The basic premise is still the same to me though. You go on booking.com to compare airfare and hotels. You go on lrmdingtree to compare loans.
Of course, they are all marketplaces, but not all markets work the same way. Compare horse auctions to shopping malls… 
I highly recommend Reinventing the Bazaar: A Natural History of Markets by John McMillan (Author)
https://www.amazon.com/dp/B001T7EJ9Q/ref=dp-kindle-redirect?..
Both booking.com and lrndungtree have done very well for their shareholders. Lendingtree does not have a public competitor I know of but booking.com does. And booking.com’s competitors TripAdvisor and Orbit have not done very well for shareholders. Is there an explanation for booking to have done so much better than its competitors?
Yes! The same reason Google has more than half the search market. It comes under many names. Increasing returns, first mover advantage, network effect, path dependence. Eating places don’t have it, search engines do. It’s in the nature of the business.
You can see in the s-1 if you look at page 86 they say they have powerful network effects that allow them to have reduced cost per quote by 65% between 2014 and 2017.
I read most of the Business section of their 10-K last night. It repeats much of the S-1. One comment in this thread said that they don’t have much repeat business because you only buy a car once every so many years. This is a wrong idea and the 10-K pointed it out. One does not insure cars or houses or health or life. One insures wealth. The car, the house, health, and life are the insurable interests but what you are protecting is your wealth, the cost of replacing the car, the cost of repairing your house, medical expenses, in the case of life, replacing your income stream when you are gone. If someone only had a car to insure I had no interest in their business. If they had a fleet of cars, a house or two, a business, then yes, they had lots of wealth to protect and they were great customers. The 10-K says they store the visitor’s data to facilitate multiple searches for different insurance products.

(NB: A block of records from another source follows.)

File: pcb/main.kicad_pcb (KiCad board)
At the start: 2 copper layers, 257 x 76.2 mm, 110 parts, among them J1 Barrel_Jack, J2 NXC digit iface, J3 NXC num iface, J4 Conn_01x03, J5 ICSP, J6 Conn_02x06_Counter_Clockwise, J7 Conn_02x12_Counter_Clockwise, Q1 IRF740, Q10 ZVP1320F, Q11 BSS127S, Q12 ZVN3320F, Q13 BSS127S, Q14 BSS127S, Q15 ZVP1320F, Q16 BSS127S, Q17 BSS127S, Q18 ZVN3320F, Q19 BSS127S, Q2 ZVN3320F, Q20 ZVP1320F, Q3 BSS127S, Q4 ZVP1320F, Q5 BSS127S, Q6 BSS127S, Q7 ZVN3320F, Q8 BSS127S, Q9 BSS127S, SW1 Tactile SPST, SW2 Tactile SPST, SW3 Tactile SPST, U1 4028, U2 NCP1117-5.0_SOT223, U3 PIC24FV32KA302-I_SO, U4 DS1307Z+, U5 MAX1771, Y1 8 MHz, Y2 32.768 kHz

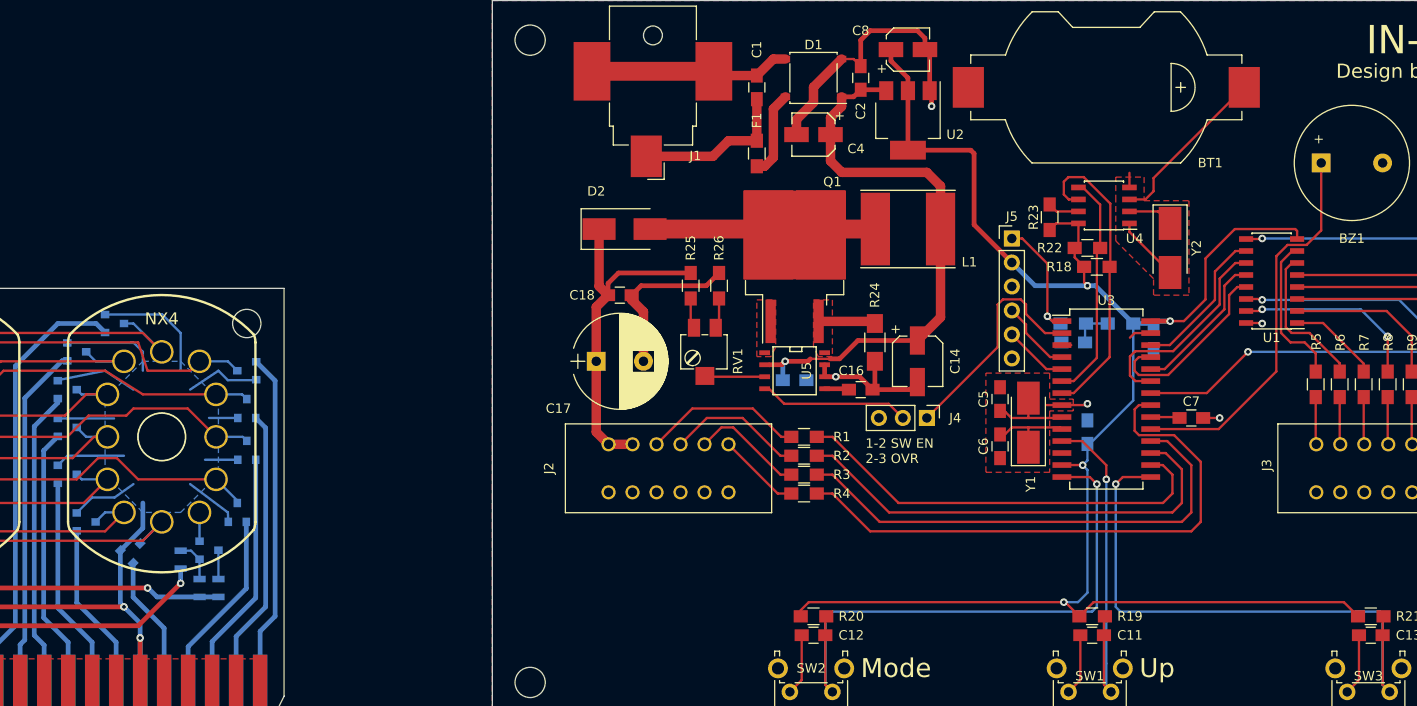
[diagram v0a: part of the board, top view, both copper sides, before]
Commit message: Update PCB and schematic files with mostly small tweaks. Added DRC rules added to .pro, and changes on layout and footprints to reflect that.
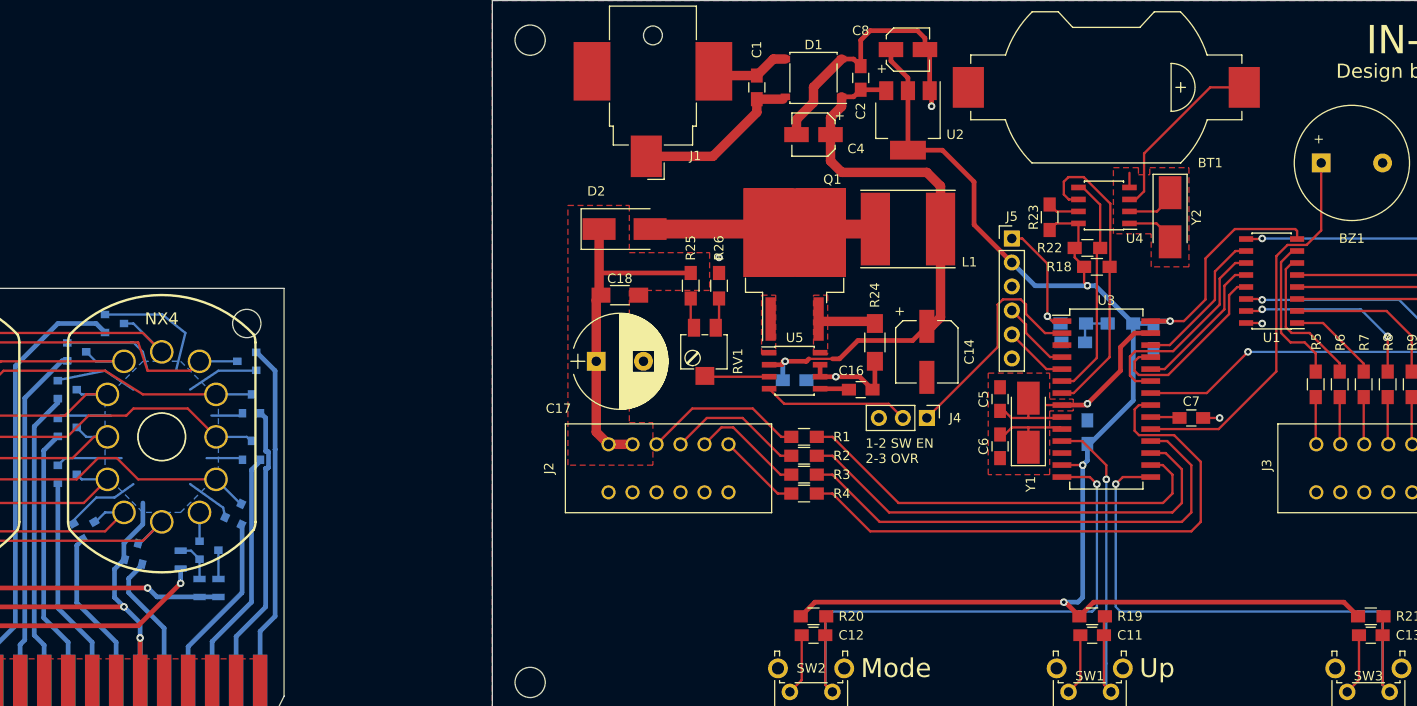
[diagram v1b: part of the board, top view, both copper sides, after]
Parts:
- removed F1: 1.5A, Resistors_SMD:R_0805_HandSoldering
- C14: footprint Capacitors_SMD:CP_Elec_5x5.3 -> Capacitors_SMD:CP_Elec_6.3x7.7
- C18: footprint Capacitors_SMD:C_0805_HandSoldering -> Capacitors_SMD:C_1206_HandSoldering
- R18, R22: value 33k -> 4.7k
- U1: value 4028 -> CD4028
- U2: value NCP1117-5.0_SOT223 -> NCP1117
- U5: footprint SMD_Packages:SOIC-8-N -> Housings_SOIC:SOIC-8_3.9x4.9mm_Pitch1.27mm
- moved Y2 3.25 mm to (221.8, 76.8)
- moved C14 1.41 mm to (196.0, 91.0)
- moved Q13 1.00 mm to (124.0, 92.0)
- moved Q14 0.71 mm to (124.5, 96.5)
- moved Q16 0.50 mm to (124.5, 101.4)
- moved Q3 0.50 mm to (107.0, 109.5), turned to 30 degrees
- moved Q19 0.35 mm to (112.2, 112.2), turned to 75 degrees
- moved Q1 0.25 mm to (182.0, 81.8)
- turned Q17 to 65 degrees
- turned U5 to 0 degrees
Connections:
- D1 pad 4: Net-(D1-Pad4) -> Net-(C1-Pad1)
- J1 pad 3: Net-(C1-Pad2) -> Net-(J1-Pad3)
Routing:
- net /GND: track 94.3 -> 80.8 mm, vias 5 -> 6
- net Net-(C1-Pad2): track 21.4 -> 8.49 mm
- net Net-(D1-Pad4): track 9.09 -> 0.00 mm
- net /+5V: track 183.6 -> 181.1 mm
- net Net-(U4-Pad1): track 6.98 -> 5.41 mm
- net Net-(BT1-Pad1): track 17.9 -> 19.4 mm
- net Net-(C1-Pad1): track 16.8 -> 18.2 mm
- net /+170V: track 37.2 -> 35.9 mm
- net /Tube Board/K7: track 35.4 -> 36.5 mm
- net /Tube Board/GND: track 206.8 -> 207.9 mm
- net Net-(U3-Pad3): track 0.98 -> 0.00 mm
- net /Tube Board/K1: track 17.8 -> 16.9 mm
- net /Tube Board/K8: track 29.7 -> 30.5 mm
- net /+RAW: track 61.3 -> 62.1 mm
- net /Tube Board/K_DP: track 14.0 -> 14.7 mm
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
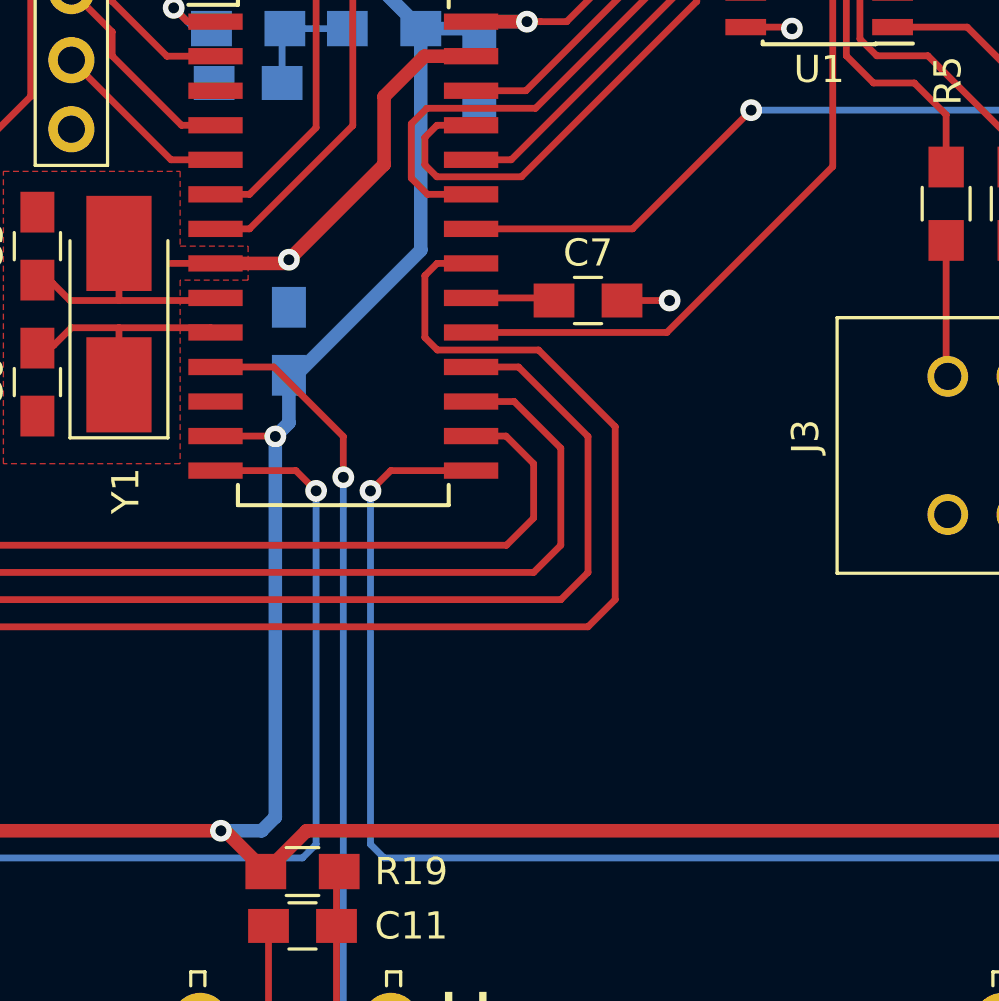
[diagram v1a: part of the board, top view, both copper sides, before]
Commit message: Add alternate parts for BOM, adjust micro to be more compatible with new PIC24FJ series parts.
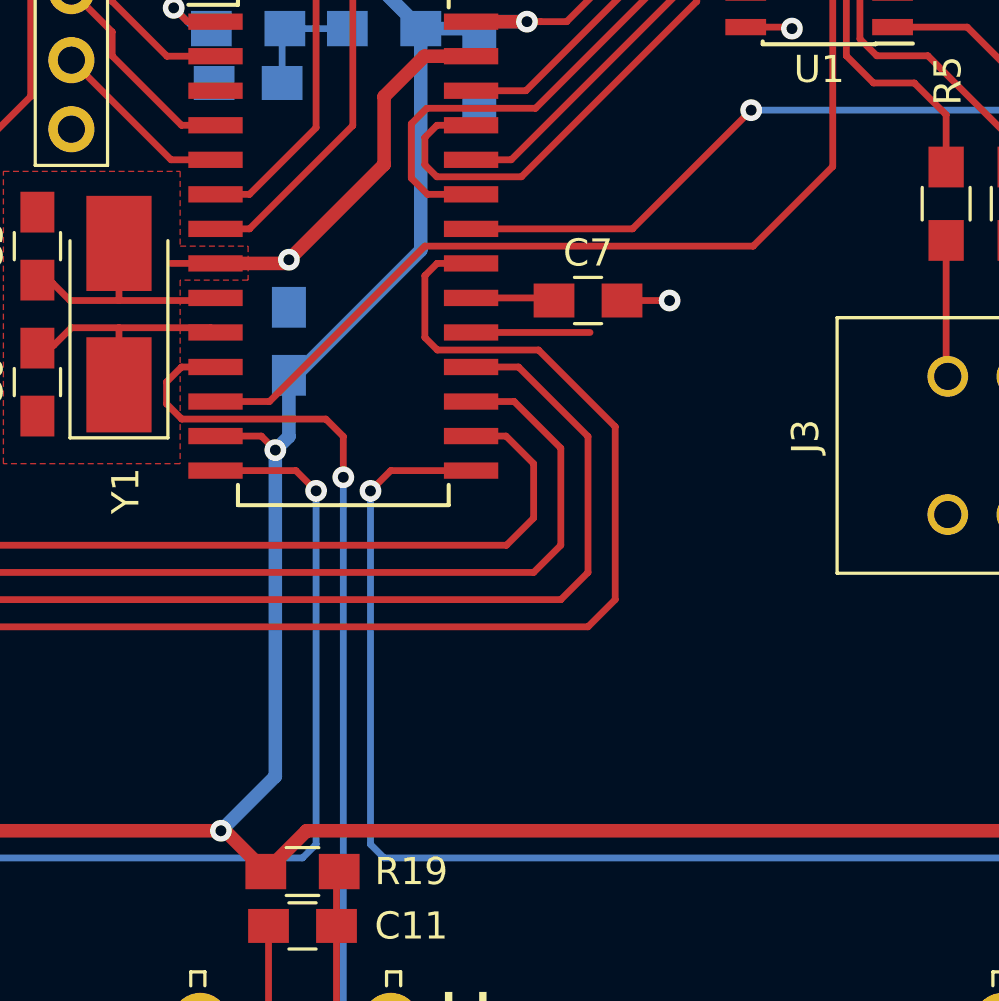
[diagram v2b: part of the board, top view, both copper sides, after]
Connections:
- U3 pad 12: Net-(U3-Pad12) -> /BUZZ
- U3 pad 19: /BUZZ -> /GND
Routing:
- net /BUZZ: track 40.8 -> 51.3 mm
- net /GND: track 80.8 -> 85.2 mm
- net /UP_SW: track 38.3 -> 42.4 mm
- net /+5V: track 181.1 -> 180.4 mm

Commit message: Update schematic with some better part selection, reducing BOM. Update PCB for panelized fabrication.
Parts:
- C1: value 0.01u -> 0.1u
- C14: footprint Capacitors_SMD:CP_Elec_6.3x7.7 -> Capacitors_SMD:CP_Elec_6.3x5.8
- R18, R22: value 4.7k -> 2.2k
- R25: value 1.5M -> 1M
- R26: value 13.3k -> 2.2k
- moved H5 82.5 mm to (104.0, 108.0)
- moved H6 82.5 mm to (204.0, 108.0)
- moved J6 82.5 mm to (108.9, 142.4)
- moved J7 82.5 mm to (191.4, 142.4)
- moved NX1 82.5 mm to (112.7, 120.0)
- moved NX2 82.5 mm to (138.0, 120.0)
- moved NX3 82.5 mm to (170.0, 120.0)
- moved NX4 82.5 mm to (195.0, 120.0)
- moved Q10 82.5 mm to (142.0, 133.0)
- moved Q11 82.5 mm to (190.0, 108.0)
- moved Q12 82.5 mm to (166.0, 134.0)
- moved Q13 82.5 mm to (204.0, 112.0)
- moved Q14 82.5 mm to (204.5, 116.5)
- moved Q15 82.5 mm to (174.0, 133.0)
- moved Q16 82.5 mm to (204.5, 121.4)
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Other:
- board size 257 x 76.2 mm -> 127 x 122.2 mm

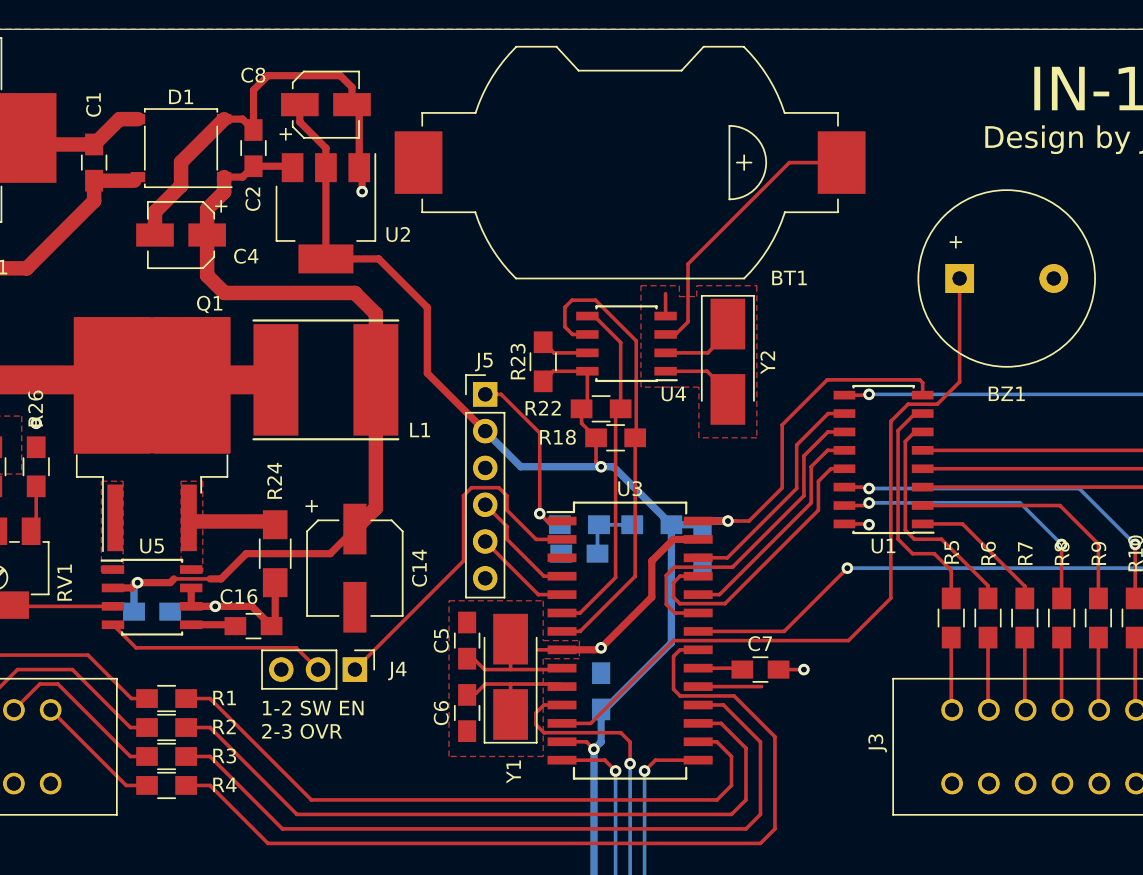
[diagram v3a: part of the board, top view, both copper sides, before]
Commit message: Fix some problems with pcb, crystals and rectifier using wrong footprints. Octal decoder had Vss and Vdd swapped.
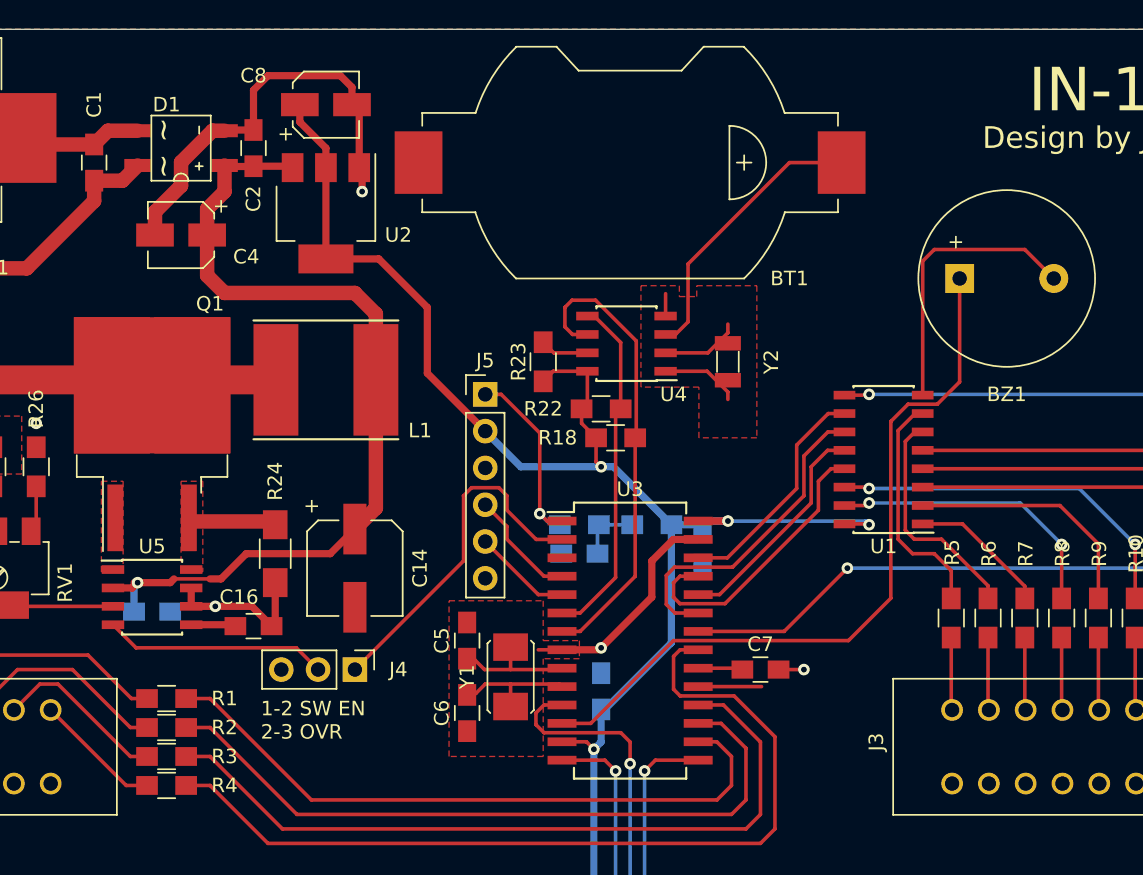
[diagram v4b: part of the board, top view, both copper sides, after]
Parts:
- D1: footprint Diodes_SMD:Diode_Bridge_MBLS -> nixie-clock:Diode-SMC_KMB22S-MBS
- Y1: footprint Crystals:Crystal_SMD_5032-2pin_5.0x3.2mm_HandSoldering -> nixie-clock:Crystal-Abracom_ABM3-5.0x3.2
- Y2: footprint Crystals:Crystal_SMD_5032-2pin_5.0x3.2mm_HandSoldering -> nixie-clock:Crystal-Vectron_VMK3-3.2x1.5
- turned D1 to 270 degrees
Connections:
- U1 pad 16: /GND -> /+5V
- U1 pad 8: /+5V -> /GND
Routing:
- net /GND: track 85.2 -> 102.3 mm, vias 6 -> 5
- net /+5V: track 180.4 -> 171.0 mm, vias 4 -> 5

This creates switching costs, why go elsewhere and enter the same data once again? And it also points out that they do have repeat business.
This is the kind of business which, properly done, can be a take most business like Booking and Google.
You can see in the s-1 if you look at page 86 they say they have powerful network effects that allow them to have reduced cost per quote by 65% between 2014 and 2017.
This is the magic of markets! The efficiency of markets is to eliminate all unnecessary profits. One very interesting point made by John McMillan is that the second lowest cost producer in commodities sets the street price. The low cost producer makes a profit, the second lowest cost producer breaks even. All others go broke. But, if you are in the rock business, the distance to the customer trumps the cost of the rock because transport is the cost driver. Rock piles have local advantage. Markets share supply and demand but each one has it very own peculiarities.
I highly recommend reading Reinventing the Bazaar, it is entertaining and educational.